3,137,210 adults participated, with 2,047,008 vaccine doses administered (99 % being booster doses) and 1,189,846 infections. 23,028 deaths and 54,017 cardiac events were recorded. No elevated risk of all-cause mortality/cardiovascular events was observed across all age strata post-vaccination. Conversely, all-cause mortality post-infection remained elevated up to >180 days in older adults (≥60 years), compared to person-time > 180 days post-vaccination. For vaccine-breakthrough SARS-CoV-2 infection in older adults vaccinated <180 days prior, risk of mortality was only elevated up to 60 days post-infection, but not beyond. Elevated risk of cardiovascular events 1-2 months after any SARS-CoV-2 infection was observed across all age strata, with elevated risk observed in older adults >180 days post-infection (adjusted-hazards-ratio, aHR = 1.18, 95 %CI = 1.04-1.34). Preceding vaccination within 180 days prior to infection attenuated this risk, with no significantly elevated post-acute risk of cardiovascular events (>180 days: aHR = 1.10, 95 %CI = 0.95-1.07).
No increased risk of all-cause mortality or cardiovascular events was observed up to 180 days after any mRNA vaccination dose in the Omicron era; vaccination attenuated post-acute cardiovascular risk in older adults. The risk-benefit ratio of vaccination remained positive during Omicron.
在当前奥密克戎流行和加强接种的时代,评估新冠疫苗接种在全人群中的风险效益比仍然具有现实意义。对疫苗接种/感染后死亡率风险和心血管事件的评估通常是在症状较轻的奥密克戎毒株出现和加强接种推广之前进行的。

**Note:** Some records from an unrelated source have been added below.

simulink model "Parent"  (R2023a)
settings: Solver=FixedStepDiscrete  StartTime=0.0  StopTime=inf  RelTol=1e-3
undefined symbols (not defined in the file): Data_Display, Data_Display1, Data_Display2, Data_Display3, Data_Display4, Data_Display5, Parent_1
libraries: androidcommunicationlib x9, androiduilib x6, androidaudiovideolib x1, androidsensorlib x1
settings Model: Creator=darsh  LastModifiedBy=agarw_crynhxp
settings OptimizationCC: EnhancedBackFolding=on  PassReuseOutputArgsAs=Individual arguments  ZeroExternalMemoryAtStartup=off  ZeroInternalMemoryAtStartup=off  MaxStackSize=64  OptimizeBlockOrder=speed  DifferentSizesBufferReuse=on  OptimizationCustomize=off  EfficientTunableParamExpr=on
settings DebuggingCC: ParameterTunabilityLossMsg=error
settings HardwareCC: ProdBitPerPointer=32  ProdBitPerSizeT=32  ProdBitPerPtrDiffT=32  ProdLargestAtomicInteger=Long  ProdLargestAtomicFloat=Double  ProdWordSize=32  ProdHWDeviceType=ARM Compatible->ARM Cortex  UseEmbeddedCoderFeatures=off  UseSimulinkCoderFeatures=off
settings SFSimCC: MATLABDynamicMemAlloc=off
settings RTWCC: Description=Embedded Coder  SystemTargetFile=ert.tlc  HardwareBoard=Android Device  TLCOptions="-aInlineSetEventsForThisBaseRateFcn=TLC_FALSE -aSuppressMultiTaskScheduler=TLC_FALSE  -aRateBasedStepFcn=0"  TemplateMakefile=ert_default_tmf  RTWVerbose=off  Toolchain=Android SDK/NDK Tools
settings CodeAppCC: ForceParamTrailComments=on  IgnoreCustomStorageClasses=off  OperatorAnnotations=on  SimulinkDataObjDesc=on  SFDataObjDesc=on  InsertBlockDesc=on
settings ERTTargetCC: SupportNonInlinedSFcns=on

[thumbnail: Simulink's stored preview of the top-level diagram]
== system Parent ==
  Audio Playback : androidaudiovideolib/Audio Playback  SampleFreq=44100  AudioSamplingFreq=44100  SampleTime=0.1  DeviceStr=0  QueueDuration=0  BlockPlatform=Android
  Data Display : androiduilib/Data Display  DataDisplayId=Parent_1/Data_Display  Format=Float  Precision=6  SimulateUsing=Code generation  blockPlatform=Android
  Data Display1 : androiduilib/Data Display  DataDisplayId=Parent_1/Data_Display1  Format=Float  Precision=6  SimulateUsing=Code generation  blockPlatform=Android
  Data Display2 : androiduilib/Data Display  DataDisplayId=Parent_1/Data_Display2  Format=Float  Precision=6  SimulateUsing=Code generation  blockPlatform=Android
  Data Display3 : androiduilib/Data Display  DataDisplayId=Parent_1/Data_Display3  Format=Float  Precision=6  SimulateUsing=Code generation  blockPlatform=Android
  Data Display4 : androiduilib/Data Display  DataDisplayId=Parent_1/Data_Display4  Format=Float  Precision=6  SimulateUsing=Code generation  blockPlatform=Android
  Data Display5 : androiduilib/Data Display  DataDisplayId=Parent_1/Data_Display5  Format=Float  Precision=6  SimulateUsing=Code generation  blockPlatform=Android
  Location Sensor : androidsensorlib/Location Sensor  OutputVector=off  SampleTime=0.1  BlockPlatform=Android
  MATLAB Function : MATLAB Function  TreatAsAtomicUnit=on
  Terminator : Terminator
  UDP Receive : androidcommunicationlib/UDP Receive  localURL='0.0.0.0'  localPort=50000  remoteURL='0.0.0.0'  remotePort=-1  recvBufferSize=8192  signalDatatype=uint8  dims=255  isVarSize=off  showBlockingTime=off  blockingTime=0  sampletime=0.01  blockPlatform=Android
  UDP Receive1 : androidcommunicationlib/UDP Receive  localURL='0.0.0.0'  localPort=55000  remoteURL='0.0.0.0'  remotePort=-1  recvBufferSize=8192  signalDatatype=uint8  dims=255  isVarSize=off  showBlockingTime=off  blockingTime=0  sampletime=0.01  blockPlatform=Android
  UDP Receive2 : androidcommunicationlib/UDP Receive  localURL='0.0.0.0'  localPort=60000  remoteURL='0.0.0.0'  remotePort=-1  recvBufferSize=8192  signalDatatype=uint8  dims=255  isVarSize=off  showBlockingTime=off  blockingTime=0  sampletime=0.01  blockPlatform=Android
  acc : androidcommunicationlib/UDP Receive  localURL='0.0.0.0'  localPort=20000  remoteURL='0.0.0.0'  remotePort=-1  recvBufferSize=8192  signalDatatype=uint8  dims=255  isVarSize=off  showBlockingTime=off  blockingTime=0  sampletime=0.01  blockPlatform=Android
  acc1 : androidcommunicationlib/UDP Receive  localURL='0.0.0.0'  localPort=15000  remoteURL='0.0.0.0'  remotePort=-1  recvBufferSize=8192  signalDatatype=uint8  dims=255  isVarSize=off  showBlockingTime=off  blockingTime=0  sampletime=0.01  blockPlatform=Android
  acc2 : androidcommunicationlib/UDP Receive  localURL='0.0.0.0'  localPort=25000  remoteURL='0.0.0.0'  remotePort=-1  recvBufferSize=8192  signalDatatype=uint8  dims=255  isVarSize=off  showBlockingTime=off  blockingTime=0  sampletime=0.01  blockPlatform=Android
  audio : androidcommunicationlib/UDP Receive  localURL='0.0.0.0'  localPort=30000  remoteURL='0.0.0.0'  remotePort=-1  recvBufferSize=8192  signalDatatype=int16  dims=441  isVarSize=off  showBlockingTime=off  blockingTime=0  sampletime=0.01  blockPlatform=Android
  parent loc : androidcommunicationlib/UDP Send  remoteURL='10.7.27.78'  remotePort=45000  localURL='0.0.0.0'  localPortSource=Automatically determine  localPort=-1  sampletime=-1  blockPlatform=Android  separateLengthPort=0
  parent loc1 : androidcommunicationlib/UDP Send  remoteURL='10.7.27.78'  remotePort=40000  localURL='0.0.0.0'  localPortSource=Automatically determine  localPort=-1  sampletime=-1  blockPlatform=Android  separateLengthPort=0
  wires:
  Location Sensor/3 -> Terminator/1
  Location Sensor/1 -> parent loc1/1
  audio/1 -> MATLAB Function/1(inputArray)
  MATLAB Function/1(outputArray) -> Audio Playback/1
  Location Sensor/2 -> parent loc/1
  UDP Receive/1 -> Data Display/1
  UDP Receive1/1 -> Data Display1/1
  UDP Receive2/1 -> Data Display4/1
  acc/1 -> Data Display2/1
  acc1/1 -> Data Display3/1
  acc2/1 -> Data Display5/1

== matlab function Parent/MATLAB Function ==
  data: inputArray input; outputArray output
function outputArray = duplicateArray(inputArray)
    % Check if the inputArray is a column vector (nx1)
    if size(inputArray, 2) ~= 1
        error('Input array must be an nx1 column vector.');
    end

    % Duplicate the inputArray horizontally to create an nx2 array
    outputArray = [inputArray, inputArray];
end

对2022年1月6日至12月31日(以奥密克戎为主导传播)期间年龄≥18岁的成年新加坡人进行回顾性队列研究。使用针对人口统计学/合并症进行调整的Cox回归模型,估计mRNA疫苗接种/SARS-CoV-2感染后0至180天与mRNA疫苗接种后>180天相比的全因死亡率和心血管事件风险。接种疫苗后的风险期根据前180天内是否存在SARS-CoV-2感染进一步分层;同样,感染后的风险期根据感染前180天内是否接种疫苗进一步分层。
3,137,210名成年人参与研究,共接种2,047,008剂疫苗(99%为加强针),发生1,189,846次感染。记录到23,028例死亡和54,017例心脏事件。接种疫苗后,所有年龄组均未观察到全因死亡率/心血管事件风险升高。相反,与接种疫苗后>180天的人时相比,老年人(≥60岁)感染后的全因死亡率在>180天内仍保持升高。对于接种疫苗<180天前的老年人发生的疫苗突破性SARS-CoV-2感染,死亡风险仅在感染后60天内升高,但之后未升高。在所有年龄组中,任何SARS-CoV-2感染后1至2个月心血管事件风险升高,在感染后>180天的老年人中观察到风险升高(调整后风险比,aHR = 1.18,95%CI = 1.04 - 1.34)。感染前180天内接种疫苗可减轻这种风险,急性后期心血管事件风险无显著升高(>180天:aHR = 1.10,95%CI = 0.95 - 1.07)。
在奥密克戎时代,任何mRNA疫苗接种剂量后180天内未观察到全因死亡率或心血管事件风险增加;接种疫苗可减轻老年人急性后期心血管风险。在奥密克戎期间,疫苗接种的风险效益比仍然是积极的。